BeefWellington 4 years ago
You've never authored a SQL query that does things like check special functions that don't exist in a table?
For example:
select @@version
- fragmede 4 years ago
  
  Seems easy enough to work around with a magic table name in this hypothetical future reworked dialect of SQL?
  from @@special select version
  
  1 reply →

barrkel 4 years ago

It's a fair sentiment, but it can be handled without losing directional flow and composability, some of the bigger advantages of reworking SQL.

One idea would be along the lines of a function prototype: a declaration, up front, about the columns and types that a query is expected to return. It's a good place to put documentation, it's redundant information which should protect against mistakes but not so redundant that it would be too taxing - the author should know what the query returns. The prototype would only be used for validation of column names and types.

Another idea would be requiring the last element in a query to be a projection, a bit like the return statement in a function body: here's what I'm returning out of the grand set of symbols available (e.g. via various joins) in scope from previous operations in the flow.

samatman 4 years ago

I'm also completely unfamiliar with the PRQL syntax, outside of right now.

Reading the comment however, it would seem that `let` adds columns which are implicitly returned in the order they are defined.

I do see benefits in this, and can imagine pitfalls. Hard to judge without kicking the tires.

Update: It's quite possible we saw different syntax!
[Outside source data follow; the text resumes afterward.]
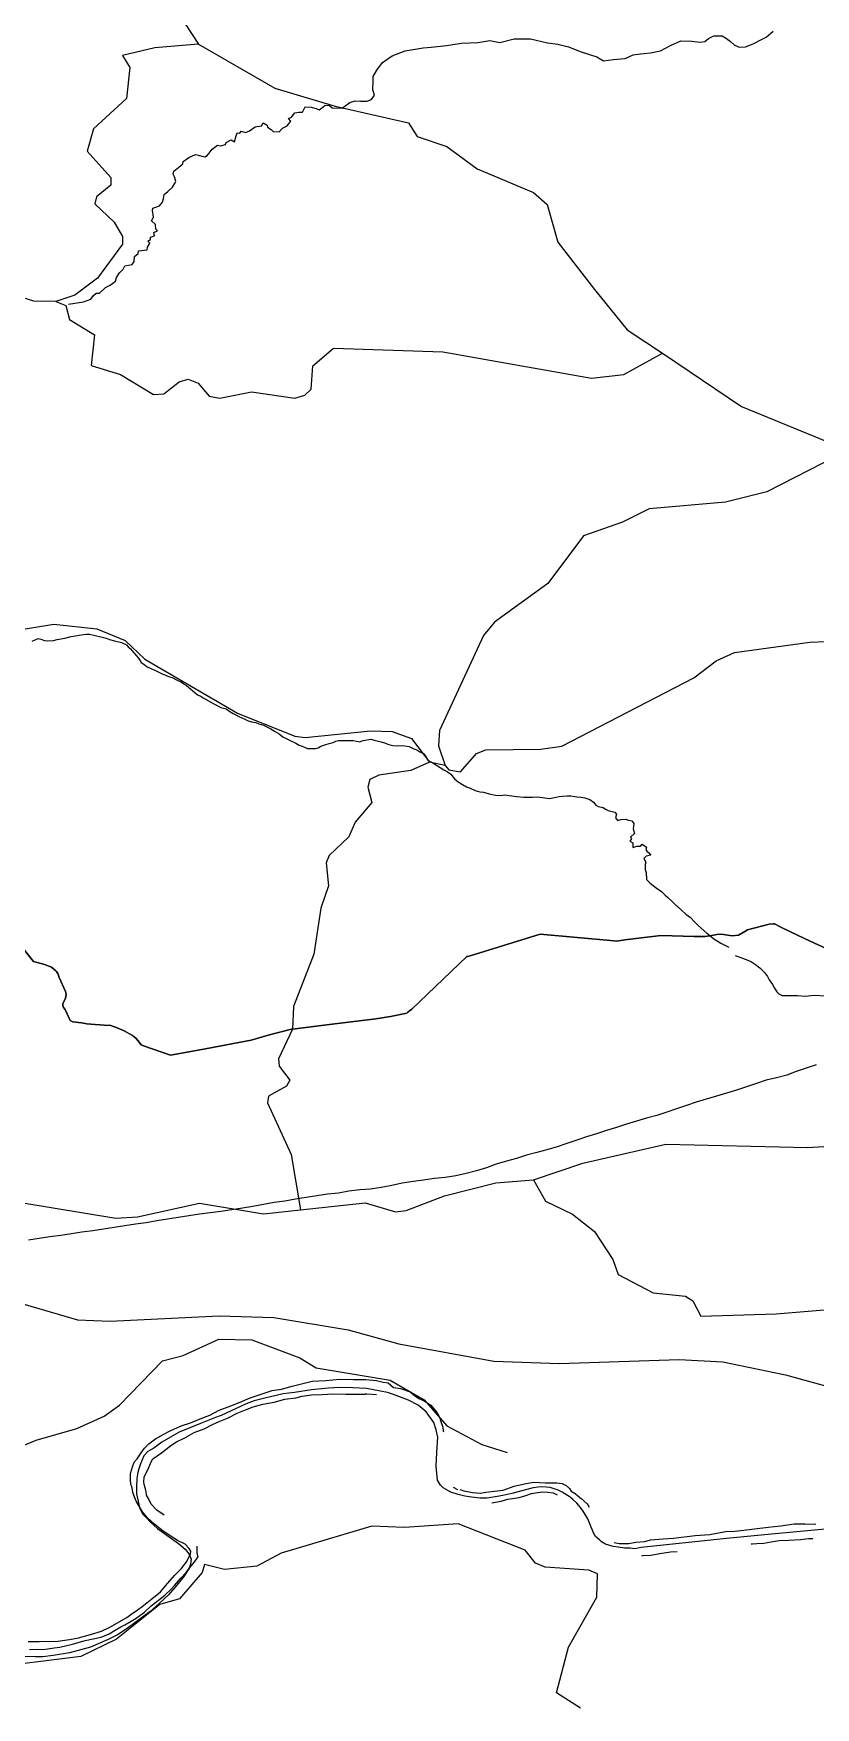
# Model space of a CAD drawing. Header units: metres. Extents: x 13.21 to 19.52, y 42.14 to 46.62.
# Drawn here: x 18.1841 to 18.366, y 45.0648 to 45.4545 of the extents above; entities that cross this region are included whole.
import ezdxf

# ---------------------------------------------------------------- set-up
doc = ezdxf.new("R2010")
doc.units = ezdxf.units.M
doc.header["$MEASUREMENT"] = 0
for name, color, linetype in [('CESTE', 5, 'Continuous'), ('hr', 9, 'Continuous'), ('PRUGE', 7, 'Continuous'), ('RIJEKE', 4, 'Continuous')]:
    doc.layers.add(name, color=color, linetype=linetype)

msp = doc.modelspace()

# ---------------------------------------------------------------- linework, layer by layer
at = {"layer": 'CESTE'}
for p, q in [((18.21938, 45.45668), (18.22246, 45.45198)), ((18.27988, 45.28409), (18.27618, 45.28486)), ((18.27988, 45.28409), (18.28075, 45.28309))]:
    msp.add_line(p, q, dxfattribs=at)
for points in [[(18.22246, 45.45198), (18.21231, 45.45113), (18.20476, 45.44936), (18.20647, 45.44654), (18.20576, 45.43935), (18.19806, 45.43227), (18.19655, 45.42705), (18.20207, 45.42092), (18.20211, 45.41918), (18.19876, 45.41647), (18.19833, 45.41482), (18.20283, 45.41058), (18.2048, 45.40725), (18.20476, 45.40544), (18.19899, 45.39748), (18.19368, 45.39359), (18.18926, 45.39209)], [(18.22246, 45.45198), (18.24025, 45.44178), (18.2543, 45.43757), (18.27137, 45.43365), (18.27335, 45.43052), (18.28026, 45.4282), (18.28728, 45.42299), (18.30044, 45.41747), (18.30363, 45.41469), (18.30609, 45.40593), (18.31457, 45.39484), (18.3222, 45.38551), (18.3304, 45.38008)], [(18.18926, 45.39209), (18.18419, 45.39218), (18.17943, 45.39364)], [(18.18926, 45.39209), (18.1916, 45.39117), (18.19249, 45.38787), (18.19828, 45.38435), (18.1975, 45.37721), (18.20433, 45.37508), (18.21201, 45.37046), (18.21442, 45.3706), (18.218, 45.37342), (18.22006, 45.37401), (18.22241, 45.37307), (18.22492, 45.37007), (18.22746, 45.36959), (18.23481, 45.37103), (18.24487, 45.3696), (18.24718, 45.37029), (18.24867, 45.37171), (18.24905, 45.37709), (18.25386, 45.38121), (18.27935, 45.38039), (18.31389, 45.37423), (18.32143, 45.3751), (18.3304, 45.38008)], [(18.3304, 45.38008), (18.34882, 45.36767), (18.36864, 45.35951)], [(18.37108, 45.35619), (18.35473, 45.34776), (18.34508, 45.34537), (18.32734, 45.34381), (18.32113, 45.34074), (18.31208, 45.33757), (18.30374, 45.32648), (18.29135, 45.31743), (18.28879, 45.31433), (18.27851, 45.29221), (18.27829, 45.28864), (18.27988, 45.28409)], [(18.17892, 45.31533), (18.18883, 45.31694), (18.19886, 45.3159), (18.2054, 45.31315), (18.21001, 45.30886), (18.23156, 45.29623), (18.24488, 45.2909), (18.24728, 45.29059), (18.26246, 45.29218), (18.26752, 45.29199), (18.27205, 45.29039), (18.27618, 45.28486)], [(18.28075, 45.28309), (18.28343, 45.28258), (18.28715, 45.28687), (18.28933, 45.28773), (18.30204, 45.28786), (18.30701, 45.28856), (18.33774, 45.30446), (18.34291, 45.30843), (18.34716, 45.31035), (18.36467, 45.31278), (18.3723, 45.3131), (18.39753, 45.3106), (18.40236, 45.30957), (18.40742, 45.31015)], [(18.27618, 45.28486), (18.2719, 45.28293), (18.26442, 45.2818), (18.26234, 45.2808), (18.26184, 45.27905), (18.26277, 45.2755), (18.2589, 45.27087), (18.25748, 45.26746), (18.25286, 45.26315), (18.25215, 45.26144), (18.25269, 45.25607), (18.2509, 45.25083), (18.24933, 45.24013), (18.2446, 45.228), (18.24432, 45.22267), (18.24108, 45.21581), (18.24122, 45.21412), (18.24372, 45.21085), (18.24297, 45.20942), (18.23877, 45.20713), (18.2385, 45.20554), (18.24401, 45.19352), (18.2462, 45.18065)], [(18.30045, 45.18763), (18.31186, 45.19151), (18.33122, 45.19592), (18.36419, 45.19517), (18.37178, 45.19565), (18.37916, 45.19703), (18.38614, 45.19911), (18.39793, 45.20596), (18.40315, 45.21014)], [(18.05836, 45.18072), (18.06582, 45.18571), (18.06811, 45.18587), (18.07772, 45.18332), (18.08533, 45.18368), (18.11363, 45.19157), (18.17358, 45.18358), (18.20322, 45.17871), (18.20827, 45.179), (18.22273, 45.18222), (18.23761, 45.17975), (18.2462, 45.18065)], [(18.2462, 45.18065), (18.26124, 45.18227), (18.26828, 45.18021), (18.27078, 45.18051), (18.27969, 45.18392), (18.29167, 45.18696), (18.30045, 45.18763)], [(18.30045, 45.18763), (18.3032, 45.18263), (18.30952, 45.17962), (18.31458, 45.17561), (18.31891, 45.16911), (18.3201, 45.16563), (18.32829, 45.16134), (18.33574, 45.16057), (18.33747, 45.15943), (18.33937, 45.15593), (18.35688, 45.15645), (18.37452, 45.15792), (18.38467, 45.15737), (18.40049, 45.15413)], [(18.05836, 45.18072), (18.06555, 45.17894), (18.0879, 45.17552), (18.15629, 45.17206), (18.1653, 45.16881), (18.1803, 45.15915), (18.19433, 45.15501), (18.20195, 45.15476), (18.2273, 45.15595), (18.23997, 45.1556), (18.25726, 45.1527), (18.26909, 45.14944), (18.29122, 45.14544), (18.30642, 45.14486), (18.3343, 45.14584), (18.34443, 45.14529), (18.35902, 45.1422), (18.38269, 45.13573), (18.41316, 45.12998)], [(18.17376, 45.12251), (18.18472, 45.12706), (18.19414, 45.12971), (18.20055, 45.13262), (18.20411, 45.13516), (18.21408, 45.14547), (18.2189, 45.14671), (18.22723, 45.15057), (18.23488, 45.15041), (18.24603, 45.14619), (18.24983, 45.14383), (18.2671, 45.14096), (18.27497, 45.13643), (18.28027, 45.13037), (18.28841, 45.12605), (18.29429, 45.12419)], [(18.31136, 45.06466), (18.30575, 45.06822), (18.30859, 45.07883), (18.31513, 45.09048), (18.3153, 45.09591), (18.31331, 45.09675), (18.30311, 45.09749), (18.30088, 45.09841), (18.29848, 45.10144), (18.2829, 45.10756), (18.27039, 45.10668), (18.26282, 45.10698), (18.24172, 45.10076), (18.23606, 45.0977), (18.2285, 45.09694), (18.22388, 45.09807), (18.22331, 45.09622), (18.21802, 45.09007), (18.21349, 45.08874), (18.20343, 45.08067), (18.1951, 45.07666), (18.17264, 45.07387)]]:
    msp.add_lwpolyline(points, dxfattribs=at)
at = {"layer": 'hr'}
for points in [[(18.36854, 45.24146), (18.36481, 45.24318), (18.36186, 45.24459), (18.35812, 45.24638), (18.35651, 45.24723), (18.35616, 45.24722), (18.35525, 45.24716), (18.35021, 45.24584), (18.34955, 45.24545), (18.3481, 45.24457), (18.34667, 45.24446), (18.3441, 45.24485), (18.3431, 45.24477), (18.34232, 45.24458), (18.34142, 45.24441), (18.34035, 45.24425), (18.33781, 45.24426), (18.33014, 45.2445), (18.32939, 45.24441), (18.32168, 45.24347), (18.31984, 45.24322), (18.3192, 45.24326), (18.30195, 45.24482), (18.28569, 45.23977), (18.28538, 45.23967), (18.28511, 45.23963), (18.28488, 45.23958), (18.2721, 45.22739), (18.27154, 45.22694), (18.27114, 45.22662), (18.27094, 45.22644), (18.26717, 45.22566), (18.26377, 45.22514), (18.25354, 45.2239), (18.24432, 45.22273), (18.24413, 45.22271), (18.23871, 45.22128), (18.23472, 45.22014), (18.22451, 45.21823), (18.22407, 45.21815), (18.21596, 45.21667), (18.20968, 45.21879), (18.20911, 45.21904), (18.20837, 45.22007), (18.20786, 45.22063), (18.2071, 45.22121), (18.20519, 45.2223), (18.20356, 45.22299), (18.2021, 45.22354), (18.20051, 45.22366), (18.19739, 45.22383), (18.19649, 45.22393), (18.19528, 45.22415), (18.19324, 45.22437), (18.19264, 45.22475), (18.19146, 45.22726), (18.19108, 45.22773), (18.19088, 45.22819), (18.19088, 45.22865), (18.19153, 45.22984), (18.1917, 45.23085), (18.19151, 45.23145), (18.19006, 45.23476), (18.18973, 45.23563), (18.18941, 45.23613), (18.18929, 45.23629), (18.18826, 45.23715), (18.18664, 45.23776), (18.18409, 45.23845), (18.18106, 45.24222)], [(18.18106, 45.24222), (18.18409, 45.23845), (18.18664, 45.23776), (18.18826, 45.23715), (18.18929, 45.23629), (18.18941, 45.23613), (18.18973, 45.23563), (18.19006, 45.23476), (18.19151, 45.23145), (18.1917, 45.23085), (18.19153, 45.22984), (18.19088, 45.22865), (18.19088, 45.22819), (18.19108, 45.22773), (18.19146, 45.22726), (18.19264, 45.22475), (18.19324, 45.22437), (18.19528, 45.22415), (18.19649, 45.22393), (18.19739, 45.22383), (18.20051, 45.22366), (18.2021, 45.22354), (18.20356, 45.22299), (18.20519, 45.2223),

https://news.ycombinator.com/item?id=30063266

Without the `let` I would imagine having trouble reading it as well, I'm not sure if that would go away with familiarity but my instinct is that it's a useful addition.

KerryJones 4 years ago

This feels like a English-language thing. In english we tend to put our adjectives first, it feels natural, "Where is my red, round ball?", rather than some other languages (like German) where you put the subject first. Equivalent of "Where is my ball, red & round?"

While it inherently feels unnatural I do agree with the others here that the context is actually easier to understand once over the initial uncomfort.

zigzag312 4 years ago

_from_ is kind of one of the most important context about the data being returned. It provides the type information. Columns you select are just properties of that type.

In SQL, where _from_ is placed at the end, we are essentially writing equivalent of 'property.object'; eg.: name.person, age.person

mcsoft 4 years ago

Both CTEs and this idea address the same problem: poor readability of complex SQL queries. Compared to CTEs, the author takes the idea to split the complex query into parts to the next level.

To your point - a solid IDE will show you what's being processed at each line (or returned, if the cursor is on the last line) - in an autocomplete window or a side panel.